Saturday, a friend of mine bought a Hi-Point .380 ACP. He told me he only paid about $140 out the door, brand new. I shot a magazine (9 rounds) out of it. I'm not very familiar with semi-auto handguns, so I don't know what to look for as far as quality. It seemed to cycle each round fine, don't know how it would do after a few magazines put through it. It's double-action only, has a fully adjustable rear sight, made in the USA and 100% lifetime warranty. The price is awfully cheap. The .40 S&W version (suggested retail is $179) interests me. I know it's probably not in the class of a Ruger or Taurus or Beretta or Smith & Wesson or the other makes. Does anyone here own a Hi-point handgun? Or know someone who does or who has? Looking for comments and info. I gotta feeling I'm gonna here neg comments...such as you get what you pay for... 

Kevin


----------



## RDT (Sep 24, 2007)

Ive got a 9mm high point rifle I bought for target shooting, Ive not had any trouble with it ,Ive put about 500 - 600 rounds through it. Not the best looking guns , But Ive not heard anything bad realy about reliability,and they have a lifetime warranty on them.


----------



## computeruser (Sep 24, 2007)

As a range gun or a "toy", they're fine.

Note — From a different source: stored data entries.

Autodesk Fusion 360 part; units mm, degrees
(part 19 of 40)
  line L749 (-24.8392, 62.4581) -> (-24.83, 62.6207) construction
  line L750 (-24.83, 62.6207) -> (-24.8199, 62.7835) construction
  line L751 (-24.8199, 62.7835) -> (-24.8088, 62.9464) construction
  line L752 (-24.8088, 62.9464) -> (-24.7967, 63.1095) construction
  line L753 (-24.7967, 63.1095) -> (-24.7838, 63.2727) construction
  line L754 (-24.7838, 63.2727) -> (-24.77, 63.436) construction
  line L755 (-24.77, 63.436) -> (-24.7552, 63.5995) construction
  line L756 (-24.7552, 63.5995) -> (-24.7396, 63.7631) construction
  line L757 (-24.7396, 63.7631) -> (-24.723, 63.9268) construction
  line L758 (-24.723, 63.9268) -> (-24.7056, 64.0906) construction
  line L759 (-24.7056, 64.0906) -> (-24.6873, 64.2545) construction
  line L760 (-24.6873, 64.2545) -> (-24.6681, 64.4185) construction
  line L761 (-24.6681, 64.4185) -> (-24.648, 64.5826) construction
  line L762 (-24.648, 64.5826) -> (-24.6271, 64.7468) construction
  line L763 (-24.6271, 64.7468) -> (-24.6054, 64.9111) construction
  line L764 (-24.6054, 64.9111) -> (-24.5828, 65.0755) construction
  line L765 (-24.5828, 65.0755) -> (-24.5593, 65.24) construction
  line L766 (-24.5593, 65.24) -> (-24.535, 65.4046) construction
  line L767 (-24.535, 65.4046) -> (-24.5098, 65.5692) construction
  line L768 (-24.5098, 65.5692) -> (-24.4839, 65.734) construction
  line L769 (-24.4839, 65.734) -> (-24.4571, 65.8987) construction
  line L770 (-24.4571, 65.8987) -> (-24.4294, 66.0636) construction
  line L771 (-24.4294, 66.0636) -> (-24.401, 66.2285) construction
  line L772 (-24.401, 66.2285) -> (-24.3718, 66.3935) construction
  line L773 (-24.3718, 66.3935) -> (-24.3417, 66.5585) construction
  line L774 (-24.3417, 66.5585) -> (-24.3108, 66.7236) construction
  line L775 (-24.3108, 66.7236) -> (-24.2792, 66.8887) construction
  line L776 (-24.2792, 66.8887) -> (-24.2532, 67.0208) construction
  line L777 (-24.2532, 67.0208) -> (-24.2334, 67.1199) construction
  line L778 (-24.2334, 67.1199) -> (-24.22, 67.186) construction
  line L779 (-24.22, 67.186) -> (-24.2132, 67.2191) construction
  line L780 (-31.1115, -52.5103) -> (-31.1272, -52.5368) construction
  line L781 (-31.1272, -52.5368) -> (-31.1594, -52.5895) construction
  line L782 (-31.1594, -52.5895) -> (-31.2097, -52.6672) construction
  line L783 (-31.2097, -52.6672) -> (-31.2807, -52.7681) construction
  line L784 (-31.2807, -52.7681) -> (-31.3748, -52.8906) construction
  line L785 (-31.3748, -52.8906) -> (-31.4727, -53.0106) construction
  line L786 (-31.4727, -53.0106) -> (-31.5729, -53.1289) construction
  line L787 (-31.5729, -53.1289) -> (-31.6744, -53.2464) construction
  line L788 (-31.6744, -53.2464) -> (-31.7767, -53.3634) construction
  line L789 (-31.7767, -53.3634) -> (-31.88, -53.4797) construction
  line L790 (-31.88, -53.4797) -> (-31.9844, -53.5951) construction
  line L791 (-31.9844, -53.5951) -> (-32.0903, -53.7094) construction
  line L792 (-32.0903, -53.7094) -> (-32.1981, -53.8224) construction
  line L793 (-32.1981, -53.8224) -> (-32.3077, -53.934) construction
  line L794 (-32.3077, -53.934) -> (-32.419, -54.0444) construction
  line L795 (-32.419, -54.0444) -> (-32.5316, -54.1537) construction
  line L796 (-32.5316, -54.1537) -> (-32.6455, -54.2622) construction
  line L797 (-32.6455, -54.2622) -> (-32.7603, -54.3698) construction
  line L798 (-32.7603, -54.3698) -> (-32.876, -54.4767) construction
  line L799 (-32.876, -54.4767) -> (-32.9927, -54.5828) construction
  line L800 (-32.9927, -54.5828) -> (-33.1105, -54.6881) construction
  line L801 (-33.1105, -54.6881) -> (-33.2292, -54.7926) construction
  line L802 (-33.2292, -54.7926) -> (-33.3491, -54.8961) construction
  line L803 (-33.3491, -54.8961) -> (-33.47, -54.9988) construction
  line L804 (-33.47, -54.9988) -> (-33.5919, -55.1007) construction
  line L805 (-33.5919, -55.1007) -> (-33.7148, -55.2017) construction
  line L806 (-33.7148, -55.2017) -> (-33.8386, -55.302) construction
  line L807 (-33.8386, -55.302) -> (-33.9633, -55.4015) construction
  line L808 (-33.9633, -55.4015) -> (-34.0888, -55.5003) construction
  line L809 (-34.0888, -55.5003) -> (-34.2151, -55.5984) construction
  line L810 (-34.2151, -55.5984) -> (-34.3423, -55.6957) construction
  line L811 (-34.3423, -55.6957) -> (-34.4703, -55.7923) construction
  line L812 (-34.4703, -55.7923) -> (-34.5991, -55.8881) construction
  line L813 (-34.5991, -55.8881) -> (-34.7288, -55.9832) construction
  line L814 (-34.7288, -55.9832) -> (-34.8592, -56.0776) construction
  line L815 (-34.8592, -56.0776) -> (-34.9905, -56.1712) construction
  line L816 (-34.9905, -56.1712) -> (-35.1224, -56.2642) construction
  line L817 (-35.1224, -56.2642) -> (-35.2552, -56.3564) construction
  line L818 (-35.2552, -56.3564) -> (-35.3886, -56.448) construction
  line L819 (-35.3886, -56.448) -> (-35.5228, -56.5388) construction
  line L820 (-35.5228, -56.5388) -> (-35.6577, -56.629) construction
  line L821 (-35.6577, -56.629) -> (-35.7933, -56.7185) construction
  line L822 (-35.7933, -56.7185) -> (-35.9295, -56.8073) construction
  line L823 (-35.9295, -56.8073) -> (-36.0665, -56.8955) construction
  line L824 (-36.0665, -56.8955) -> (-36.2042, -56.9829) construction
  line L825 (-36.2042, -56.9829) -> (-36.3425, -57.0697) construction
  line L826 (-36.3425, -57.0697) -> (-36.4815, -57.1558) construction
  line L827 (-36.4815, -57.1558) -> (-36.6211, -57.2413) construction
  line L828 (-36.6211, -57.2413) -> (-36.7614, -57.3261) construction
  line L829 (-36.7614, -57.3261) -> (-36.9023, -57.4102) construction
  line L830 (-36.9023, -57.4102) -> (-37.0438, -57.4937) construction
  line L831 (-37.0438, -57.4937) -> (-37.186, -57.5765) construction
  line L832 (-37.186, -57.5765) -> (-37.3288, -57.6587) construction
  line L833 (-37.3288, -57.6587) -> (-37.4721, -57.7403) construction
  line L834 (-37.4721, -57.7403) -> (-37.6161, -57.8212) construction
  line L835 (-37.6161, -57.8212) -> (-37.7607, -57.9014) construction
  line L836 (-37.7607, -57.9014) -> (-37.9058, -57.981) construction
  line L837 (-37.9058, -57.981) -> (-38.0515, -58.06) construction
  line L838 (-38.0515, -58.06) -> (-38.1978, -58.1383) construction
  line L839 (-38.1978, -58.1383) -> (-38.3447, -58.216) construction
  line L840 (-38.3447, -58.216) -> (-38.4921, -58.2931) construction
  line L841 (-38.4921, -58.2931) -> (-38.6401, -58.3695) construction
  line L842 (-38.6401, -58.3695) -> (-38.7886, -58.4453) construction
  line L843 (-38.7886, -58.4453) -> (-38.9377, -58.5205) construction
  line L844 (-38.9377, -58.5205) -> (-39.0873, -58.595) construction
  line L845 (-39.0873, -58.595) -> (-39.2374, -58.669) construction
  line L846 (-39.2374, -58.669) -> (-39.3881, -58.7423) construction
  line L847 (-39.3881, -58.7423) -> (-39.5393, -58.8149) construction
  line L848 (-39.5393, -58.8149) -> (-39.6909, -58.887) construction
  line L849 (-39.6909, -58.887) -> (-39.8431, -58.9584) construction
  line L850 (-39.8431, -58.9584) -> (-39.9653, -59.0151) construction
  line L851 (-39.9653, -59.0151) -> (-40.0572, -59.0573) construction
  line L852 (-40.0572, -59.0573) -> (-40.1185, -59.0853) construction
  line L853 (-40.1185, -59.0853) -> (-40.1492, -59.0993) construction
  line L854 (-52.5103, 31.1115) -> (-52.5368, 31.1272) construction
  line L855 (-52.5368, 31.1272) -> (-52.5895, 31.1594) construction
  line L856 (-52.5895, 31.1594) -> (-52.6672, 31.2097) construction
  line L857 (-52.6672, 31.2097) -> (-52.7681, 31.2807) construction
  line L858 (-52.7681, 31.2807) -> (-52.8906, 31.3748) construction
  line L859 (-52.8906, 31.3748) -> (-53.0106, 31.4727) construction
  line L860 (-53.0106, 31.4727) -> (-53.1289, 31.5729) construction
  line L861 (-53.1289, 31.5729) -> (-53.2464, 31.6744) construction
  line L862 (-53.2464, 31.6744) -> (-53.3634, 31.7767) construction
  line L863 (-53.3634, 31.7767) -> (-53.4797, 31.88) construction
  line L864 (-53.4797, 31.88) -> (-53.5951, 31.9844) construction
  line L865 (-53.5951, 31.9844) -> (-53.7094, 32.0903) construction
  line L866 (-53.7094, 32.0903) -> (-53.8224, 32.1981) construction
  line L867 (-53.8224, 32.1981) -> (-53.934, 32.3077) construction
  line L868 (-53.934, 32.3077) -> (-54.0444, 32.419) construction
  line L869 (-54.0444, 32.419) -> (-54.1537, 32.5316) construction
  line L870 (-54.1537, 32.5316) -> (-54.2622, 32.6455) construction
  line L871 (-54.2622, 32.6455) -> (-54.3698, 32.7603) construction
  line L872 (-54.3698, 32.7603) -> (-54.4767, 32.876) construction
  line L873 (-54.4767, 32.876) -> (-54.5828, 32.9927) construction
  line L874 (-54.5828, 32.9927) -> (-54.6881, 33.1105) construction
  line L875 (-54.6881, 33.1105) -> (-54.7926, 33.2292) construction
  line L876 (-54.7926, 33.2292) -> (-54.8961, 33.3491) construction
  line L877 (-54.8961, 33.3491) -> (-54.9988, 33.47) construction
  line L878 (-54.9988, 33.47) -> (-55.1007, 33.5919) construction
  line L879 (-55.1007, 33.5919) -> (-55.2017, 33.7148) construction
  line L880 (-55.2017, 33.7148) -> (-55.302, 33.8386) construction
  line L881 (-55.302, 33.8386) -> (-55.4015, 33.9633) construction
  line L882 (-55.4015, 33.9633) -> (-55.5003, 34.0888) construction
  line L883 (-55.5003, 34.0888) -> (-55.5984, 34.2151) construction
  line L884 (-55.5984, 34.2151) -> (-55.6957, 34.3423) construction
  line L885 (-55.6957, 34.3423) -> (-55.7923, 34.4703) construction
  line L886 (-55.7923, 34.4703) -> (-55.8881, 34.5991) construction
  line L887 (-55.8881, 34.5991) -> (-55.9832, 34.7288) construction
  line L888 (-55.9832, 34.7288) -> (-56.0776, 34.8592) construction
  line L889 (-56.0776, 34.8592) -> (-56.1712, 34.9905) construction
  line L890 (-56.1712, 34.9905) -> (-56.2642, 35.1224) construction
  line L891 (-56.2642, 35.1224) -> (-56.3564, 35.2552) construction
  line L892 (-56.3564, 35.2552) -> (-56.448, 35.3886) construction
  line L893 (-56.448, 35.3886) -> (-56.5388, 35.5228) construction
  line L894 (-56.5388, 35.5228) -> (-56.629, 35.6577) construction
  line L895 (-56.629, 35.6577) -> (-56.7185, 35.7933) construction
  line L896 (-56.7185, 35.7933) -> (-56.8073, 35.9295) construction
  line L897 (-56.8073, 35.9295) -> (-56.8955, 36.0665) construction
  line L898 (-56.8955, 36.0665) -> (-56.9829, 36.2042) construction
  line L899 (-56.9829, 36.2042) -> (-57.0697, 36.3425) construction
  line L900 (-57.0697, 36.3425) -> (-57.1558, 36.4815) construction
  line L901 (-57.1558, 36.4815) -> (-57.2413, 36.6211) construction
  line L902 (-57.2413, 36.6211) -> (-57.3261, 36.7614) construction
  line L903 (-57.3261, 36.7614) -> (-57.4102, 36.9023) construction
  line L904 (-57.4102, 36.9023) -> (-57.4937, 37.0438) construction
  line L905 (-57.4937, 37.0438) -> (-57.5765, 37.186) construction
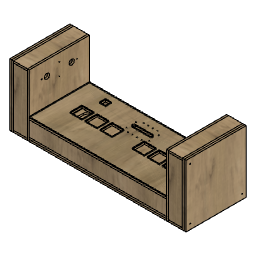
ongekicon-diy (Autodesk Fusion 360 design; units mm, degrees)
Autodesk Fusion 360 part; units mm, degrees
sketch "스케치1" plane through (0, 0, 0) normal (0, 0, 1) x (1, 0, 0)
  line L0 (289, -642.7336) -> (375, -642.7336)
  line L1 (375, -656.7336) -> (289, -656.7336)
  arc A0 (289, -642.7336) -> (289, -656.7336) centre (289, -649.7336) ccw
  arc A1 (375, -656.7336) -> (375, -642.7336) centre (375, -649.7336) ccw
  arc A2 (375, -656.7336) -> (375, -642.7336) centre (375, -649.7336) ccw
  circle A3 centre (277.0783, -626.5501) radius 2.65
  circle A4 centre (277.0783, -672.9171) radius 2.65
  circle A5 centre (386.9217, -626.4866) radius 2.65
  circle A6 centre (386.9217, -672.8535) radius 2.65
  circle A7 centre (299.0783, -611.6097) radius 2.65
  circle A8 centre (321.0783, -611.6097) radius 2.65
  circle A9 centre (343.0783, -611.6097) radius 2.65
  circle A10 centre (365.0783, -611.6097) radius 2.65
  circle A11 centre (364.9217, -687.7939) radius 2.65
  circle A12 centre (342.9217, -687.7939) radius 2.65
  circle A13 centre (320.9217, -687.7939) radius 2.65
  circle A14 centre (298.9217, -687.7939) radius 2.65
  line L2 (0, -575) -> (664, -575)
  line L3 (664, -575) -> (664, -866)
  line L4 (664, -866) -> (0, -866)
  line L5 (0, -866) -> (0, -575)
  line L6 (0, -1260) -> (664, -1260)
  line L7 (664, -1260) -> (664, -1333)
  line L8 (664, -1333) -> (0, -1333)
  line L9 (0, -1333) -> (0, -1260)
  line L10 (0, -1495) -> (0, -1422)
  line L11 (664, -1422) -> (664, -1495)
  line L12 (0, -1422) -> (664, -1422)
  line L13 (664, -1495) -> (0, -1495)
  line L14 (634, -431) -> (634, -260)
  line L15 (664, -200) -> (664, -491)
  line L16 (0, -200) -> (664, -200)
  line L17 (60, -461) -> (604, -461)
  line L18 (664, -491) -> (0, -491)
  line L19 (30, -260) -> (30, -431)
  line L20 (604, -230) -> (60, -230)
  line L21 (0, -491) -> (0, -200)
  line L22 (0, -230) -> (0, -200) construction
  arc A15 (60, -230) -> (30, -260) centre (60, -260) ccw
  arc A16 (634, -260) -> (604, -230) centre (604, -260) ccw
  arc A17 (604, -461) -> (634, -431) centre (604, -431) ccw
  arc A18 (30, -431) -> (60, -461) centre (60, -431) ccw
  circle A19 centre (644.0002, -219.9998) radius 3.25
  circle A20 centre (644.0002, -471.0002) radius 3.25
  circle A21 centre (19.9998, -219.9998) radius 3.25
  circle A22 centre (19.9998, -471.0002) radius 3.25
  line L23 (1115.742, -1032.7777) -> (1406.742, -1032.7777)
  line L24 (1406.742, -1032.7777) -> (1406.742, -1099.7777)
  line L25 (1406.742, -1099.7777) -> (1115.742, -1099.7777)
  line L26 (1115.742, -1099.7777) -> (1115.742, -1032.7777)
  line L27 (765.742, -1032.7777) -> (1056.742, -1032.7777)
  line L28 (1056.742, -1032.7777) -> (1056.742, -1099.7777)
  line L29 (1056.742, -1099.7777) -> (765.742, -1099.7777)
  line L30 (765.742, -1099.7777) -> (765.742, -1032.7777)
  line L31 (1115.742, -232.7777) -> (1406.742, -232.7777)
  line L32 (1406.742, -232.7777) -> (1406.742, -299.7777)
  line L33 (1406.742, -299.7777) -> (1115.742, -299.7777)
  line L34 (1115.742, -299.7777) -> (1115.742, -232.7777)
  line L35 (765.742, -232.7777) -> (1056.742, -232.7777)
  line L36 (1056.742, -232.7777) -> (1056.742, -299.7777)
  line L37 (1056.742, -299.7777) -> (765.742, -299.7777)
  line L38 (765.742, -299.7777) -> (765.742, -232.7777)
  line L39 (1455.3395, -732.946) -> (1522.3395, -732.946)
  line L40 (1522.3395, -732.946) -> (1522.3395, -1014.946)
  line L41 (1522.3395, -1014.946) -> (1455.3395, -1014.946)
  line L42 (1455.3395, -1014.946) -> (1455.3395, -732.946)
  line L43 (1622.3395, -1014.946) -> (1555.3395, -1014.946)
  line L44 (1555.3395, -1014.946) -> (1555.3395, -732.946)
  line L45 (1555.3395, -732.946) -> (1622.3395, -732.946)
  line L46 (1622.3395, -732.946) -> (1622.3395, -1014.946)
  line L47 (1555.3395, -664.946) -> (1555.3395, -382.946)
  line L48 (1555.3395, -382.946) -> (1622.3395, -382.946)
  line L49 (1622.3395, -382.946) -> (1622.3395, -664.946)
  line L50 (1622.3395, -664.946) -> (1555.3395, -664.946)
  line L51 (1455.3395, -664.946) -> (1455.3395, -382.946)
  line L52 (1455.3395, -382.946) -> (1522.3395, -382.946)
  line L53 (1522.3395, -664.946) -> (1455.3395, -664.946)
  line L54 (1522.3395, -382.946) -> (1522.3395, -664.946)
  line L55 (774.742, -665.946) -> (765.742, -665.946)
  line L56 (1047.742, -665.946) -> (774.742, -665.946)
  line L57 (1047.742, -665.946) -> (1056.742, -665.946)
  line L58 (1056.742, -365.946) -> (1056.742, -665.946)
  line L59 (1056.742, -365.946) -> (765.742, -365.946)
  line L60 (765.742, -365.946) -> (765.742, -665.946)
  arc A23 (1710.7461, -923.4722) -> (1740.7461, -953.4722) centre (1740.7461, -923.4722) ccw
  line L61 (1920.7461, -713.4722) -> (1740.7461, -713.4722)
  arc A24 (1740.7461, -713.4722) -> (1710.7461, -743.4722) centre (1740.7461, -743.4722) ccw
  line L62 (1710.7461, -743.4722) -> (1710.7461, -923.4722)
  circle A25 centre (1705.2461, -958.9722) radius 3.25
  circle A26 centre (1705.2461, -707.9722) radius 3.25
  line L63 (1685.2461, -683.4722) -> (1685.2461, -983.4722)
  line L64 (1976.2461, -683.4722) -> (1976.2461, -983.4722)
  line L65 (1950.7461, -923.4722) -> (1950.7461, -743.4722)
  line L66 (1740.7461, -953.4722) -> (1920.7461, -953.4722)
  arc A27 (1920.7461, -953.4722) -> (1950.7461, -923.4722) centre (1920.7461, -923.4722) ccw
  arc A28 (1950.7461, -743.4722) -> (1920.7461, -713.4722) centre (1920.7461, -743.4722) ccw
  circle A29 centre (1956.2461, -707.9722) radius 3.25
  circle A30 centre (1956.2461, -958.9722) radius 3.25
  line L67 (1976.2461, -683.4722) -> (1685.2461, -683.4722)
  line L68 (1976.2461, -983.4722) -> (1685.2461, -983.4722)
  line L69 (1976.2461, -633.4722) -> (1685.2461, -633.4722)
  line L70 (1976.2461, -333.4722) -> (1976.2461, -633.4722)
  line L71 (1710.7461, -393.4722) -> (1710.7461, -573.4722)
  line L72 (1685.2461, -333.4722) -> (1685.2461, -633.4722)
  arc A31 (1950.7461, -393.4722) -> (1920.7461, -363.4722) centre (1920.7461, -393.4722) ccw
  circle A32 centre (1956.2461, -608.9722) radius 3.25
  circle A33 centre (1705.2461, -357.9722) radius 3.25
  circle A34 centre (1956.2461, -357.9722) radius 3.25
  line L73 (1740.7461, -603.4722) -> (1920.7461, -603.4722)
  line L74 (1950.7461, -573.4722) -> (1950.7461, -393.4722)
  arc A35 (1920.7461, -603.4722) -> (1950.7461, -573.4722) centre (1920.7461, -573.4722) ccw
  line L75 (1920.7461, -363.4722) -> (1740.7461, -363.4722)
  circle A36 centre (1705.2461, -608.9722) radius 3.25
  arc A37 (1710.7461, -573.4722) -> (1740.7461, -603.4722) centre (1740.7461, -573.4722) ccw
  arc A38 (1740.7461, -363.4722) -> (1710.7461, -393.4722) centre (1740.7461, -393.4722) ccw
  line L76 (1976.2461, -333.4722) -> (1685.2461, -333.4722)
  line L77 (765.742, -704.946) -> (765.742, -1004.946)
  circle A39 centre (851.242, -774.446) radius 12.5
  line L78 (1056.742, -704.946) -> (765.742, -704.946)
  line L79 (1056.742, -1004.946) -> (765.742, -1004.946)
  circle A40 centre (971.242, -774.446) radius 12.5
  line L80 (765.742, -909.446) -> (765.742, -1004.946)
  circle A41 centre (996.242, -774.446) radius 2.2361
  circle A42 centre (826.242, -774.446) radius 2.2592
  circle A43 centre (911.242, -804.446) radius 2.2361
  line L81 (1056.742, -704.946) -> (1056.742, -1004.946)
  circle A44 centre (911.242, -744.446) radius 2.2361
  circle A45 centre (785.742, -641.446) radius 2.5
  circle A46 centre (1036.742, -641.446) radius 2.5
  circle A47 centre (1036.742, -390.446) radius 2.5
  circle A48 centre (1135.742, -390.446) radius 2.5
  line L82 (1115.742, -365.946) -> (1115.742, -665.946)
  circle A49 centre (1135.742, -641.446) radius 2.5
  line L83 (1397.742, -665.946) -> (1406.742, -665.946)
  line L84 (1397.742, -665.946) -> (1124.742, -665.946)
  line L85 (1406.742, -365.946) -> (1115.742, -365.946)
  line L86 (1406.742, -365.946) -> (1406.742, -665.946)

As a serious defensive piece...I guess it depends how much you value your life...


----------



## KMB (Sep 24, 2007)

computeruser said:


> As a range gun or a "toy", they're fine. As a serious defensive piece...I guess it depends how much you value your life...



I've read similar worded comments at a gun forum, where I did a search on regarding Hi-Point's. A very good point to consider since I VERY much value my life as well the lives of my family. I can't see myself having a range gun and a serious defense handgun...the handgun (whichever one I eventually decide on) will have to cover both functions.

Kevin


----------



## 2000ssm6 (Sep 24, 2007)

computeruser said:


> As a range gun or a "toy", they're fine. As a serious defensive piece...I guess it depends how much you value your life...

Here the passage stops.